Keep to one stretch of the data below, the lines from the one with "#79=PLANE('',#78);" up to and including the one with "#96=VERTEX_POINT('',#95);", and return that stretch exactly.

Records for the task section start

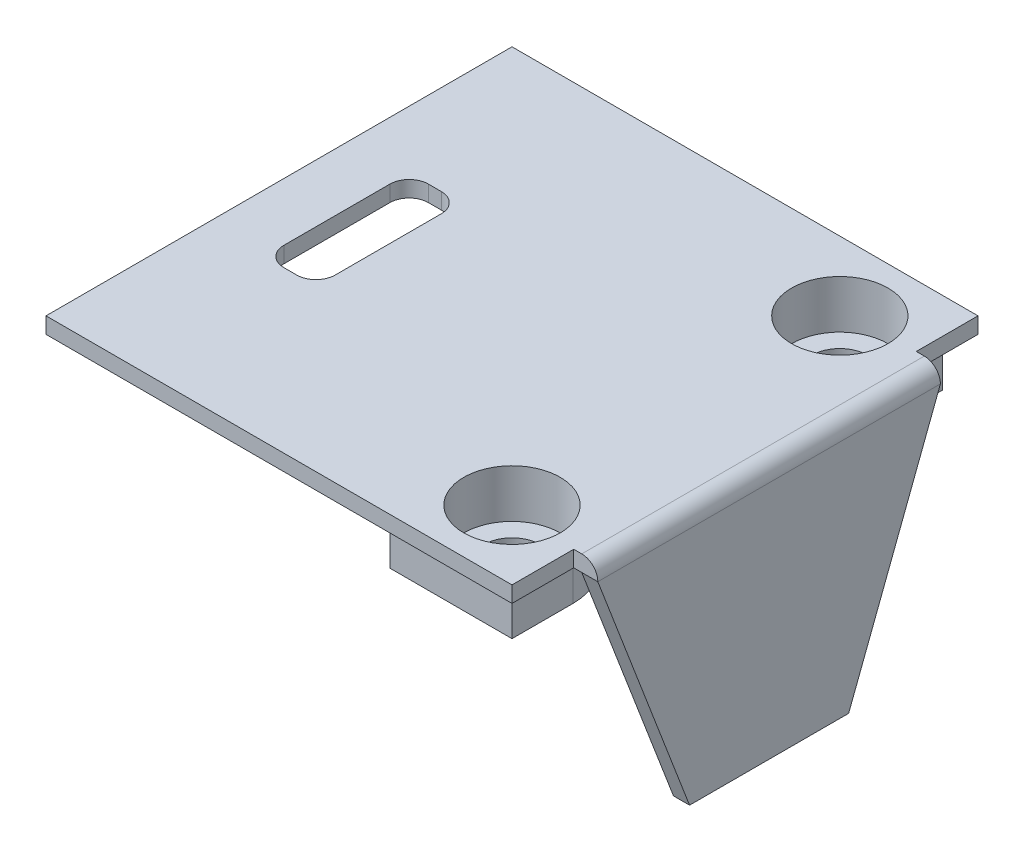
ISO-10303-21;
HEADER;
FILE_DESCRIPTION(('STEP AP214'),'2;1');
FILE_NAME('part.step','',(''),(''),'','','');
FILE_SCHEMA(('AUTOMOTIVE_DESIGN { 1 0 10303 214 1 1 1 1 }'));
ENDSEC;
DATA;
#1=APPLICATION_CONTEXT('core data for automotive mechanical design processes');
#2=APPLICATION_PROTOCOL_DEFINITION('international standard','automotive_design',2000,#1);
#3=PRODUCT_CONTEXT('',#1,'mechanical');
#4=PRODUCT('Part','Part','',(#3));
#5=PRODUCT_RELATED_PRODUCT_CATEGORY('part','',(#4));
#6=PRODUCT_DEFINITION_FORMATION('','',#4);
#7=PRODUCT_DEFINITION_CONTEXT('part definition',#1,'design');
#8=PRODUCT_DEFINITION('design','',#6,#7);
#9=PRODUCT_DEFINITION_SHAPE('','',#8);
#10=(LENGTH_UNIT() NAMED_UNIT(*) SI_UNIT(.MILLI.,.METRE.));
#11=(NAMED_UNIT(*) PLANE_ANGLE_UNIT() SI_UNIT($,.RADIAN.));
#12=(NAMED_UNIT(*) SI_UNIT($,.STERADIAN.) SOLID_ANGLE_UNIT());
#13=UNCERTAINTY_MEASURE_WITH_UNIT(LENGTH_MEASURE(1.E-05),#10,'distance_accuracy_value','');
#14=(GEOMETRIC_REPRESENTATION_CONTEXT(3) GLOBAL_UNCERTAINTY_ASSIGNED_CONTEXT((#13)) GLOBAL_UNIT_ASSIGNED_CONTEXT((#10,
#11,#12)) REPRESENTATION_CONTEXT('',''));
#15=CARTESIAN_POINT('',(0.,0.,0.));
#16=DIRECTION('',(0.,0.,1.));
#17=DIRECTION('',(1.,0.,0.));
#18=AXIS2_PLACEMENT_3D('',#15,#16,#17);
#19=CARTESIAN_POINT('',(10.2,-7.94974746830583,-10.2));
#20=DIRECTION('',(0.,1.,0.));
#21=DIRECTION('',(0.,0.,1.));
#22=AXIS2_PLACEMENT_3D('',#19,#20,#21);
#23=CYLINDRICAL_SURFACE('',#22,1.75);
#24=CARTESIAN_POINT('',(10.2,-3.,-10.2));
#25=DIRECTION('',(0.,-1.,0.));
#26=DIRECTION('',(0.,0.,-1.));
#27=AXIS2_PLACEMENT_3D('',#24,#25,#26);
#28=CIRCLE('',#27,1.75);
#29=CARTESIAN_POINT('',(10.2,-3.,-11.95));
#30=VERTEX_POINT('',#29);
#31=EDGE_CURVE('E305',#30,#30,#28,.T.);
#32=ORIENTED_EDGE('',*,*,#31,.T.);
#33=EDGE_LOOP('',(#32));
#34=FACE_BOUND('',#33,.T.);
#35=CARTESIAN_POINT('',(10.2,-2.,-10.2));
#36=DIRECTION('',(0.,1.,0.));
#37=DIRECTION('',(0.,0.,1.));
#38=AXIS2_PLACEMENT_3D('',#35,#36,#37);
#39=CIRCLE('',#38,1.75);
#40=CARTESIAN_POINT('',(10.2,-2.,-8.45));
#41=VERTEX_POINT('',#40);
#42=EDGE_CURVE('E302',#41,#41,#39,.T.);
#43=ORIENTED_EDGE('',*,*,#42,.T.);
#44=EDGE_LOOP('',(#43));
#45=FACE_BOUND('',#44,.T.);
#46=ADVANCED_FACE('F37',(#34,#45),#23,.F.);
#47=CARTESIAN_POINT('',(10.2,-7.94974746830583,10.2));
#48=DIRECTION('',(0.,1.,0.));
#49=DIRECTION('',(0.,0.,1.));
#50=AXIS2_PLACEMENT_3D('',#47,#48,#49);
#51=CYLINDRICAL_SURFACE('',#50,1.75);
#52=CARTESIAN_POINT('',(10.2,-3.,10.2));
#53=DIRECTION('',(0.,-1.,0.));
#54=DIRECTION('',(0.,0.,-1.));
#55=AXIS2_PLACEMENT_3D('',#52,#53,#54);
#56=CIRCLE('',#55,1.75);
#57=CARTESIAN_POINT('',(10.2,-3.,8.45));
#58=VERTEX_POINT('',#57);
#59=EDGE_CURVE('E347',#58,#58,#56,.F.);
#60=ORIENTED_EDGE('',*,*,#59,.F.);
#61=EDGE_LOOP('',(#60));
#62=FACE_BOUND('',#61,.T.);
#63=CARTESIAN_POINT('',(10.2,-2.,10.2));
#64=DIRECTION('',(0.,1.,0.));
#65=DIRECTION('',(0.,0.,1.));
#66=AXIS2_PLACEMENT_3D('',#63,#64,#65);
#67=CIRCLE('',#66,1.75);
#68=CARTESIAN_POINT('',(10.2,-2.,11.95));
#69=VERTEX_POINT('',#68);
#70=EDGE_CURVE('E344',#69,#69,#67,.F.);
#71=ORIENTED_EDGE('',*,*,#70,.F.);
#72=EDGE_LOOP('',(#71));
#73=FACE_BOUND('',#72,.T.);
#74=ADVANCED_FACE('F526',(#62,#73),#51,.F.);
#75=CARTESIAN_POINT('',(0.,0.,0.));
#76=DIRECTION('',(0.,-1.,0.));
#77=DIRECTION('',(0.,0.,-1.));
#78=AXIS2_PLACEMENT_3D('',#75,#76,#77);
#79=PLANE('',#78);
#80=DIRECTION('',(1.,0.,0.));
#81=VECTOR('',#80,1.);
#82=CARTESIAN_POINT('',(-9.7,0.,4.5));
#83=LINE('',#82,#81);
#84=CARTESIAN_POINT('',(-9.7,0.,4.5));
#85=VERTEX_POINT('',#84);
#86=CARTESIAN_POINT('',(-8.90000000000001,0.,4.5));
#87=VERTEX_POINT('',#86);
#88=EDGE_CURVE('E252',#85,#87,#83,.T.);
#89=ORIENTED_EDGE('',*,*,#88,.T.);
#90=CARTESIAN_POINT('',(-8.9,0.,3.3));
#91=DIRECTION('',(0.,-1.,0.));
#92=DIRECTION('',(0.,0.,-1.));
#93=AXIS2_PLACEMENT_3D('',#90,#91,#92);
#94=CIRCLE('',#93,1.2);
#95=CARTESIAN_POINT('',(-7.7,0.,3.29999999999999));
#96=VERTEX_POINT('',#95);
#97=EDGE_CURVE('E238',#87,#96,#94,.F.);
#98=ORIENTED_EDGE('',*,*,#97,.T.);
#99=DIRECTION('',(0.,0.,-1.));
#100=VECTOR('',#99,1.);
#101=CARTESIAN_POINT('',(-7.7,0.,-3.29999999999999));
#102=LINE('',#101,#100);
#103=CARTESIAN_POINT('',(-7.7,0.,-3.29999999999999));
#104=VERTEX_POINT('',#103);
#105=EDGE_CURVE('E288',#96,#104,#102,.T.);
#106=ORIENTED_EDGE('',*,*,#105,.T.);
#107=CARTESIAN_POINT('',(-8.9,0.,-3.3));
#108=DIRECTION('',(0.,-1.,0.));
#109=DIRECTION('',(0.,0.,-1.));
#110=AXIS2_PLACEMENT_3D('',#107,#108,#109);
#111=CIRCLE('',#110,1.2);
#112=CARTESIAN_POINT('',(-8.9,0.,-4.5));
#113=VERTEX_POINT('',#112);
#114=EDGE_CURVE('E284',#104,#113,#111,.F.);
#115=ORIENTED_EDGE('',*,*,#114,.T.);
#116=DIRECTION('',(-1.,0.,0.));
#117=VECTOR('',#116,1.);
#118=CARTESIAN_POINT('',(-9.7,0.,-4.5));
#119=LINE('',#118,#117);
#120=CARTESIAN_POINT('',(-9.7,0.,-4.5));
#121=VERTEX_POINT('',#120);
#122=EDGE_CURVE('E280',#113,#121,#119,.T.);
#123=ORIENTED_EDGE('',*,*,#122,.T.);
#124=CARTESIAN_POINT('',(-9.7,0.,-3.3));
#125=DIRECTION('',(0.,-1.,0.));
#126=DIRECTION('',(0.,0.,-1.));
#127=AXIS2_PLACEMENT_3D('',#124,#125,#126);
#128=CIRCLE('',#127,1.2);
#129=CARTESIAN_POINT('',(-10.9,0.,-3.29999999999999));
#130=VERTEX_POINT('',#129);
#131=EDGE_CURVE('E276',#121,#130,#128,.F.);
#132=ORIENTED_EDGE('',*,*,#131,.T.);
#133=DIRECTION('',(0.,0.,1.));
#134=VECTOR('',#133,1.);
#135=CARTESIAN_POINT('',(-10.9,0.,-3.29999999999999));
#136=LINE('',#135,#134);
#137=CARTESIAN_POINT('',(-10.9,0.,3.29999999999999));
#138=VERTEX_POINT('',#137);
#139=EDGE_CURVE('E273',#130,#138,#136,.T.);
#140=ORIENTED_EDGE('',*,*,#139,.T.);
#141=CARTESIAN_POINT('',(-9.7,0.,3.3));
#142=DIRECTION('',(0.,-1.,0.));
#143=DIRECTION('',(0.,0.,-1.));
#144=AXIS2_PLACEMENT_3D('',#141,#142,#143);
#145=CIRCLE('',#144,1.2);
#146=EDGE_CURVE('E261',#138,#85,#145,.F.);
#147=ORIENTED_EDGE('',*,*,#146,.T.);
#148=EDGE_LOOP('',(#89,#98,#106,#115,#123,#132,#140,#147));
#149=FACE_BOUND('',#148,.T.);
#150=CARTESIAN_POINT('',(9.6,0.,-9.6));
#151=DIRECTION('',(0.,1.,0.));
#152=DIRECTION('',(0.,0.,1.));
#153=AXIS2_PLACEMENT_3D('',#150,#151,#152);
#154=CIRCLE('',#153,3.8);
#155=CARTESIAN_POINT('',(5.8,0.,-9.6));
#156=VERTEX_POINT('',#155);
#157=CARTESIAN_POINT('',(13.4,0.,-9.6));
#158=VERTEX_POINT('',#157);
#159=EDGE_CURVE('E308',#156,#158,#154,.T.);
#160=ORIENTED_EDGE('',*,*,#159,.T.);
#161=DIRECTION('',(0.,0.,-1.));
#162=VECTOR('',#161,1.);
#163=CARTESIAN_POINT('',(13.4,0.,-9.6));
#164=LINE('',#163,#162);
#165=CARTESIAN_POINT('',(13.4,0.,-13.4));
#166=VERTEX_POINT('',#165);
#167=EDGE_CURVE('E313',#158,#166,#164,.T.);
#168=ORIENTED_EDGE('',*,*,#167,.T.);
#169=DIRECTION('',(-1.,0.,0.));
#170=VECTOR('',#169,1.);
#171=CARTESIAN_POINT('',(13.4,0.,-13.4));
#172=LINE('',#171,#170);
#173=CARTESIAN_POINT('',(5.8,0.,-13.4));
#174=VERTEX_POINT('',#173);
#175=EDGE_CURVE('E326',#166,#174,#172,.T.);
#176=ORIENTED_EDGE('',*,*,#175,.T.);
#177=DIRECTION('',(0.,0.,1.));
#178=VECTOR('',#177,1.);
#179=CARTESIAN_POINT('',(5.8,0.,-13.4));
#180=LINE('',#179,#178);
#181=EDGE_CURVE('E324',#174,#156,#180,.T.);
#182=ORIENTED_EDGE('',*,*,#181,.T.);
#183=EDGE_LOOP('',(#160,#168,#176,#182));
#184=FACE_BOUND('',#183,.T.);
#185=DIRECTION('',(0.,0.,1.));
#186=VECTOR('',#185,1.);
#187=CARTESIAN_POINT('',(-14.5,0.,-14.5));
#188=LINE('',#187,#186);
#189=CARTESIAN_POINT('',(-14.5,0.,-14.5));
#190=VERTEX_POINT('',#189);
#191=CARTESIAN_POINT('',(-14.5,0.,14.5));
#192=VERTEX_POINT('',#191);
#193=EDGE_CURVE('E449',#190,#192,#188,.T.);
#194=ORIENTED_EDGE('',*,*,#193,.F.);
#195=DIRECTION('',(-1.,0.,0.));
#196=VECTOR('',#195,1.);
#197=CARTESIAN_POINT('',(14.5,0.,-14.5));
#198=LINE('',#197,#196);
#199=CARTESIAN_POINT('',(14.5,0.,-14.5));
#200=VERTEX_POINT('',#199);
#201=EDGE_CURVE('E454',#200,#190,#198,.T.);
#202=ORIENTED_EDGE('',*,*,#201,.F.);
#203=DIRECTION('',(0.,0.,-1.));
#204=VECTOR('',#203,1.);
#205=CARTESIAN_POINT('',(14.5,0.,-14.5));
#206=LINE('',#205,#204);
#207=CARTESIAN_POINT('',(14.5,0.,-10.659553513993));
#208=VERTEX_POINT('',#207);
#209=EDGE_CURVE('E467',#208,#200,#206,.T.);
#210=ORIENTED_EDGE('',*,*,#209,.F.);
#211=DIRECTION('',(1.,0.,0.));
#212=VECTOR('',#211,1.);
#213=CARTESIAN_POINT('',(13.307113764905,0.,-10.659553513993));
#214=LINE('',#213,#212);
#215=CARTESIAN_POINT('',(15.0000000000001,0.,-10.659553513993));
#216=VERTEX_POINT('',#215);
#217=EDGE_CURVE('E393',#208,#216,#214,.T.);
#218=ORIENTED_EDGE('',*,*,#217,.T.);
#219=DIRECTION('',(0.,0.,1.));
#220=VECTOR('',#219,1.);
#221=CARTESIAN_POINT('',(15.0000000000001,0.,-10.659553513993));
#222=LINE('',#221,#220);
#223=CARTESIAN_POINT('',(15.0000000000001,0.,-10.0091862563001));
#224=VERTEX_POINT('',#223);
#225=EDGE_CURVE('E390',#216,#224,#222,.T.);
#226=ORIENTED_EDGE('',*,*,#225,.T.);
#227=DIRECTION('',(1.,0.,0.));
#228=VECTOR('',#227,1.);
#229=CARTESIAN_POINT('',(13.307113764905,0.,-10.0091862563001));
#230=LINE('',#229,#228);
#231=CARTESIAN_POINT('',(14.5,0.,-10.0091862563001));
#232=VERTEX_POINT('',#231);
#233=EDGE_CURVE('E382',#232,#224,#230,.T.);
#234=ORIENTED_EDGE('',*,*,#233,.F.);
#235=CARTESIAN_POINT('',(14.5,0.,10.0091862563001));
#236=VERTEX_POINT('',#235);
#237=EDGE_CURVE('E471',#236,#232,#206,.T.);
#238=ORIENTED_EDGE('',*,*,#237,.F.);
#239=DIRECTION('',(1.,0.,0.));
#240=VECTOR('',#239,1.);
#241=CARTESIAN_POINT('',(13.307113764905,0.,10.0091862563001));
#242=LINE('',#241,#240);
#243=CARTESIAN_POINT('',(15.0000000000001,0.,10.0091862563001));
#244=VERTEX_POINT('',#243);
#245=EDGE_CURVE('E380',#236,#244,#242,.T.);
#246=ORIENTED_EDGE('',*,*,#245,.T.);
#247=DIRECTION('',(0.,0.,1.));
#248=VECTOR('',#247,1.);
#249=CARTESIAN_POINT('',(15.0000000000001,0.,10.659553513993));
#250=LINE('',#249,#248);
#251=CARTESIAN_POINT('',(15.,0.,10.659553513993));
#252=VERTEX_POINT('',#251);
#253=EDGE_CURVE('E383',#244,#252,#250,.T.);
#254=ORIENTED_EDGE('',*,*,#253,.T.);
#255=DIRECTION('',(1.,0.,0.));
#256=VECTOR('',#255,1.);
#257=CARTESIAN_POINT('',(13.307113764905,0.,10.659553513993));
#258=LINE('',#257,#256);
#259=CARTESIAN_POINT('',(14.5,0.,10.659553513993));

Records for the task section end

Response to this task:
#79=PLANE('',#78);
#80=DIRECTION('',(1.,0.,0.));
#81=VECTOR('',#80,1.);
#82=CARTESIAN_POINT('',(-9.7,0.,4.5));
#83=LINE('',#82,#81);
#84=CARTESIAN_POINT('',(-9.7,0.,4.5));
#85=VERTEX_POINT('',#84);
#86=CARTESIAN_POINT('',(-8.90000000000001,0.,4.5));
#87=VERTEX_POINT('',#86);
#88=EDGE_CURVE('E252',#85,#87,#83,.T.);
#89=ORIENTED_EDGE('',*,*,#88,.T.);
#90=CARTESIAN_POINT('',(-8.9,0.,3.3));
#91=DIRECTION('',(0.,-1.,0.));
#92=DIRECTION('',(0.,0.,-1.));
#93=AXIS2_PLACEMENT_3D('',#90,#91,#92);
#94=CIRCLE('',#93,1.2);
#95=CARTESIAN_POINT('',(-7.7,0.,3.29999999999999));
#96=VERTEX_POINT('',#95);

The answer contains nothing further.